- REQUIREMENT -
In this exercise, retype exactly and only the lines from the top of the entries below through the line that holds "doc.units = 0", omitting pictures.

- SOURCE INFORMATION -
————

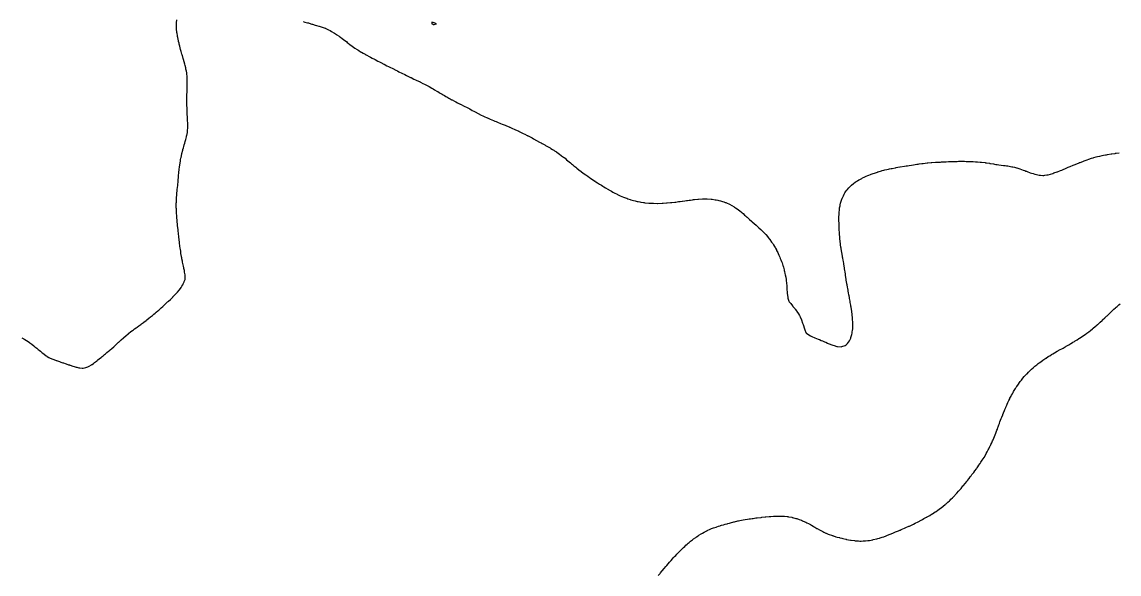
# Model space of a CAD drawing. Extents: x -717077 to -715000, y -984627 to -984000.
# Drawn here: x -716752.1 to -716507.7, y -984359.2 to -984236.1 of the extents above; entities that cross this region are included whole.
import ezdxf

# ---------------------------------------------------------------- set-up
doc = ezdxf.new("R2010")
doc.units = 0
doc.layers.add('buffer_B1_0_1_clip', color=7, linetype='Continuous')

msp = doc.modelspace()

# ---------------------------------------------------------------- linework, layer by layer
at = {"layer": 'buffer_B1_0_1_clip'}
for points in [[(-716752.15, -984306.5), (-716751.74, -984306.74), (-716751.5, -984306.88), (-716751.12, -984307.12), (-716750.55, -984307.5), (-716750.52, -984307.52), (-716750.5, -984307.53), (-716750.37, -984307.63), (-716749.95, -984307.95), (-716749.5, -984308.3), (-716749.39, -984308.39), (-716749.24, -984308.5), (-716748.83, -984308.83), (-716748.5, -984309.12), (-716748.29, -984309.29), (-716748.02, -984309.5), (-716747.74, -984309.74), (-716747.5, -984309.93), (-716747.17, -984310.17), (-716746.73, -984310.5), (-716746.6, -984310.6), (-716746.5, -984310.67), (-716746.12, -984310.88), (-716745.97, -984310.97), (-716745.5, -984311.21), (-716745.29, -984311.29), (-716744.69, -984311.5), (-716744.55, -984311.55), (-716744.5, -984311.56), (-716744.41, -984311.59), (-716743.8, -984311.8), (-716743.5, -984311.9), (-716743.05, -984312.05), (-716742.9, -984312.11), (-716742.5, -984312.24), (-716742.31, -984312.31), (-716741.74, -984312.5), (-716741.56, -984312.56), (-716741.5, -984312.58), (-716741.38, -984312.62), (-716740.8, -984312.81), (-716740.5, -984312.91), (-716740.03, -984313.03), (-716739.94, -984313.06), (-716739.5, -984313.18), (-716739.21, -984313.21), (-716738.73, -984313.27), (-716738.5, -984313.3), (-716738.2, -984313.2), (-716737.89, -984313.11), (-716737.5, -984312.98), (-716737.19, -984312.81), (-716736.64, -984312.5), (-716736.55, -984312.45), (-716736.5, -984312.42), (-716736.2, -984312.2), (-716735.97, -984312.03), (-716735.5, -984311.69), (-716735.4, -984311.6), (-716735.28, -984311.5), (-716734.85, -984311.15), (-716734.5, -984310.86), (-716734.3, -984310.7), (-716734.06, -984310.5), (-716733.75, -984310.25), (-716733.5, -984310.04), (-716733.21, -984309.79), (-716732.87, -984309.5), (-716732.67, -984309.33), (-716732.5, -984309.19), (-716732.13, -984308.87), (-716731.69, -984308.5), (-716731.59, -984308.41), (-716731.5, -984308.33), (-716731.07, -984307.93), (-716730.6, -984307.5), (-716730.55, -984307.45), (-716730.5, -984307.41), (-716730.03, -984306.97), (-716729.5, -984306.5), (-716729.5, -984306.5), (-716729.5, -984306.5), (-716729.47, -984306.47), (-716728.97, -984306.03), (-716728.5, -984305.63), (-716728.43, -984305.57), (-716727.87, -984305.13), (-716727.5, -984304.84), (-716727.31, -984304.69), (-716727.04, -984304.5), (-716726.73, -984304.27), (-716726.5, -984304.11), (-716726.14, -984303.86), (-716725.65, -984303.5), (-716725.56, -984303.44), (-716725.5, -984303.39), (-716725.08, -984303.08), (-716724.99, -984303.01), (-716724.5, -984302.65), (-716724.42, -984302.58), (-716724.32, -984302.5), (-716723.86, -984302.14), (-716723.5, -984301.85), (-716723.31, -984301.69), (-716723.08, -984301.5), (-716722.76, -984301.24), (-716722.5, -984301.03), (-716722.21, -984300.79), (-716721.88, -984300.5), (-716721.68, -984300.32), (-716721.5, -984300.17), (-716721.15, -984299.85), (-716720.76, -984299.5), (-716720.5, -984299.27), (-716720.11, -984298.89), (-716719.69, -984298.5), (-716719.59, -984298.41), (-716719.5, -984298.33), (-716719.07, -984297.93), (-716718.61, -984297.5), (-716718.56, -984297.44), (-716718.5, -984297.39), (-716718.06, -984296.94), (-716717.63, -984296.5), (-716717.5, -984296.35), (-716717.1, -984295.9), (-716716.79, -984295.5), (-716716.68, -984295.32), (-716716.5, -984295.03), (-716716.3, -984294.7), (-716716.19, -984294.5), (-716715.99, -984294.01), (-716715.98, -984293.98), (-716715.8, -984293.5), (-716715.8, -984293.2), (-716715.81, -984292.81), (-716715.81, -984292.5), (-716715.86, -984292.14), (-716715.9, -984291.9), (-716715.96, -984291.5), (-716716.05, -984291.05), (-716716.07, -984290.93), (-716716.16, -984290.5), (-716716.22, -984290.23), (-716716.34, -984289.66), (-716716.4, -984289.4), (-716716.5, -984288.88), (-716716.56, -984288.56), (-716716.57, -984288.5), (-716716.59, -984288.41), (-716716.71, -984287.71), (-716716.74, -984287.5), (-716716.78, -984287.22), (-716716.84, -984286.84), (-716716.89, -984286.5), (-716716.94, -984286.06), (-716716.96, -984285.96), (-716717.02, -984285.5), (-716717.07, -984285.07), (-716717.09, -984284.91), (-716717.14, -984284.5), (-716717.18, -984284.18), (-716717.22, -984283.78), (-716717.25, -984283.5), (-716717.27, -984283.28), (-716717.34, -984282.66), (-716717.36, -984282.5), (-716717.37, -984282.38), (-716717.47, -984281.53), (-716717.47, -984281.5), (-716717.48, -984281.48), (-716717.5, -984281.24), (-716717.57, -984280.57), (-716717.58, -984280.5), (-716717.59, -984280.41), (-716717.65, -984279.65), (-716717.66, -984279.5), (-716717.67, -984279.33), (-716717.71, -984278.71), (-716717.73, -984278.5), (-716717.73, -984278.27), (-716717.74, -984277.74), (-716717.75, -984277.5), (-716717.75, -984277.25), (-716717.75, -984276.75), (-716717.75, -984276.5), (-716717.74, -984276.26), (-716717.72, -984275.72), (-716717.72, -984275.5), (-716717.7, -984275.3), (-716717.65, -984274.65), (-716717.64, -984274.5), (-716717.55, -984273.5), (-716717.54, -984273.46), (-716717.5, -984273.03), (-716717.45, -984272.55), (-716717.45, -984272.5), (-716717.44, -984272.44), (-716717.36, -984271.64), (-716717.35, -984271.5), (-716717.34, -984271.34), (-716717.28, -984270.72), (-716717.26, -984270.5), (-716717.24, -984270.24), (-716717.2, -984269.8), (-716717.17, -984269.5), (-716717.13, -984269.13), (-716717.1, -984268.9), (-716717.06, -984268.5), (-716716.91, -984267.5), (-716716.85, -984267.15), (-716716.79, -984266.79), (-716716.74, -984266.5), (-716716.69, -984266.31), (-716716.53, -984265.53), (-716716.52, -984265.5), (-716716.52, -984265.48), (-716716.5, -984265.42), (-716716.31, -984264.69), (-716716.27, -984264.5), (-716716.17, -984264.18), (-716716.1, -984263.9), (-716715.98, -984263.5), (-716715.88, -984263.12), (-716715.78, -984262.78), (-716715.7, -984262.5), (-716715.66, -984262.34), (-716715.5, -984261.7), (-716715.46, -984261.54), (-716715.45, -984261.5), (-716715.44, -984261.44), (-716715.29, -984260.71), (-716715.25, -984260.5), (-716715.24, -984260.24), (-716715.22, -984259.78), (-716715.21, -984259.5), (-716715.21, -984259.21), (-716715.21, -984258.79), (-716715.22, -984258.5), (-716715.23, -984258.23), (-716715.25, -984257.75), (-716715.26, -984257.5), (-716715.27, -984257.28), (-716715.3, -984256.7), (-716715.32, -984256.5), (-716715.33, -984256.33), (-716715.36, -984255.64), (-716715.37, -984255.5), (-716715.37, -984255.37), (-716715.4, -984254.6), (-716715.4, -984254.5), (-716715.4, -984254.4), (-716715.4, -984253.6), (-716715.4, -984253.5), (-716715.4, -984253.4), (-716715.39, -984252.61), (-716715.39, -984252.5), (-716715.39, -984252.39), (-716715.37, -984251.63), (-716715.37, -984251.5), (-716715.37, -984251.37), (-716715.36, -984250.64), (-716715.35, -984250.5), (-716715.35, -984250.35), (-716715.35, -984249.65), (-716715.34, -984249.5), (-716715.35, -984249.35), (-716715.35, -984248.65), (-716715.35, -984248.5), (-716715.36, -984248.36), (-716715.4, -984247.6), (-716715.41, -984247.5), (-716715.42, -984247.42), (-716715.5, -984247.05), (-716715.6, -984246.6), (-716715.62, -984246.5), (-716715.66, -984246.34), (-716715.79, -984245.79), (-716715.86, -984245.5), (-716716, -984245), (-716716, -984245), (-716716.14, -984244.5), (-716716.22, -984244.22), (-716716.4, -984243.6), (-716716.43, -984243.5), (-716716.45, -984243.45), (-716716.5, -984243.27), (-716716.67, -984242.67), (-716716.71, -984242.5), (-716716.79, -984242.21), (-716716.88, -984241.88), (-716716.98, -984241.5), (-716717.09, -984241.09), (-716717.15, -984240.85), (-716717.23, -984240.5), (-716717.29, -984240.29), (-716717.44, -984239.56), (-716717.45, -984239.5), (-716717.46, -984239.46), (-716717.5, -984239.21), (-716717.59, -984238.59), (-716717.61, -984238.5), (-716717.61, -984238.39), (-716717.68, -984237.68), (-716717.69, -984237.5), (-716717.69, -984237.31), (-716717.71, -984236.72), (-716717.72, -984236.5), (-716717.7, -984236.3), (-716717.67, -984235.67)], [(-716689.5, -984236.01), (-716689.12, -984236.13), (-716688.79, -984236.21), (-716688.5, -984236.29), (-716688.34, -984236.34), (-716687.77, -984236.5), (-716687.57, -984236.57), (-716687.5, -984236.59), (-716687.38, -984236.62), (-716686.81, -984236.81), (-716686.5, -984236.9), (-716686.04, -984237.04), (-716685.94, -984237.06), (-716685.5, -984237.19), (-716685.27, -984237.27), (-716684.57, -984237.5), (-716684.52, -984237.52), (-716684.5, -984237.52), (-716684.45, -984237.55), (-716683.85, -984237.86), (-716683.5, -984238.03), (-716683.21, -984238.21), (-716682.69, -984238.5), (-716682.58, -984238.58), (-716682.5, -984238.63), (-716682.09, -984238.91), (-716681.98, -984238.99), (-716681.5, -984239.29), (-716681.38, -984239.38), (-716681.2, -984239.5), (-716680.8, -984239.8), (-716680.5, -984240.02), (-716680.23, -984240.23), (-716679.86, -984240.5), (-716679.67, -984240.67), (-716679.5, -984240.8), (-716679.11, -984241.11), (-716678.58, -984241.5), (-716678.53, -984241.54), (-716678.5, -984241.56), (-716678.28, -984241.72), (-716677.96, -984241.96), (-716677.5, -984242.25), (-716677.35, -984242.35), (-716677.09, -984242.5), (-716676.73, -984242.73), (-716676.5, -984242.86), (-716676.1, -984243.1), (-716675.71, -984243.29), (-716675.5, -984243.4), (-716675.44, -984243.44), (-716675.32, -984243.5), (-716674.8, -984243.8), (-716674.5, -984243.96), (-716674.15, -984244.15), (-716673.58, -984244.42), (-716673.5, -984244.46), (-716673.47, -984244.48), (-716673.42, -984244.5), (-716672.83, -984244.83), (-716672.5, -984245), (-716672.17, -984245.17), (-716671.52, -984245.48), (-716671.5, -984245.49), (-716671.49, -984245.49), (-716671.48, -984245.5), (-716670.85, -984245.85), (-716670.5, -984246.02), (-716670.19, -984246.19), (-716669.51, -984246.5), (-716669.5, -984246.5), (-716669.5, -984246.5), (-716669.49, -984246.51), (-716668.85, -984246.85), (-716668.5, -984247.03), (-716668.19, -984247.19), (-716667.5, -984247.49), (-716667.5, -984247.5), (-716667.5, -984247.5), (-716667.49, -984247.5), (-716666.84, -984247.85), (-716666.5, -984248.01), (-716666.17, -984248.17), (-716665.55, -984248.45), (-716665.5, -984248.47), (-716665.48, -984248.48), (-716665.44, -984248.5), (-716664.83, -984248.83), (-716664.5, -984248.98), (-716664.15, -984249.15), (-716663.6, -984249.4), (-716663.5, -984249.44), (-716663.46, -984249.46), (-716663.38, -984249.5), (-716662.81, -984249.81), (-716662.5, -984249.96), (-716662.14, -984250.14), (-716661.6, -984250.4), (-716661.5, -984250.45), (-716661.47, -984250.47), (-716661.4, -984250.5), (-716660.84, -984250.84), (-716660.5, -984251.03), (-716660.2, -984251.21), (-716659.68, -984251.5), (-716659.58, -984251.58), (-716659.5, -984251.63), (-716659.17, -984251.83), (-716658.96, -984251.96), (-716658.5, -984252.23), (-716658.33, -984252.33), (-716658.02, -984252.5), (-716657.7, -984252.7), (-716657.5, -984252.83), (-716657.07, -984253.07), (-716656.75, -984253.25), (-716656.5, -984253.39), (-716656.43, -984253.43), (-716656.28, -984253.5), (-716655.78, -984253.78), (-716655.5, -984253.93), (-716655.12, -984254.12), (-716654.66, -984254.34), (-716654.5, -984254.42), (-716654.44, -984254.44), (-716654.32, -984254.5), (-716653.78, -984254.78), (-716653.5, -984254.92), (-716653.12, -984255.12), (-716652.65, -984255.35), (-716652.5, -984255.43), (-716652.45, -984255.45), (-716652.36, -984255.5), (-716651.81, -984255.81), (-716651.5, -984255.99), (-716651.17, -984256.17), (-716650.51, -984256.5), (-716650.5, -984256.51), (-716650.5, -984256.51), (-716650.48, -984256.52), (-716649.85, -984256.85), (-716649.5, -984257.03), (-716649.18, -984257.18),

————

- COMPLETED EXERCISE -
# Model space of a CAD drawing. Extents: x -717077 to -715000, y -984627 to -984000.
# Drawn here: x -716752.1 to -716507.7, y -984359.2 to -984236.1 of the extents above; entities that cross this region are included whole.
import ezdxf

# ---------------------------------------------------------------- set-up
doc = ezdxf.new("R2010")
doc.units = 0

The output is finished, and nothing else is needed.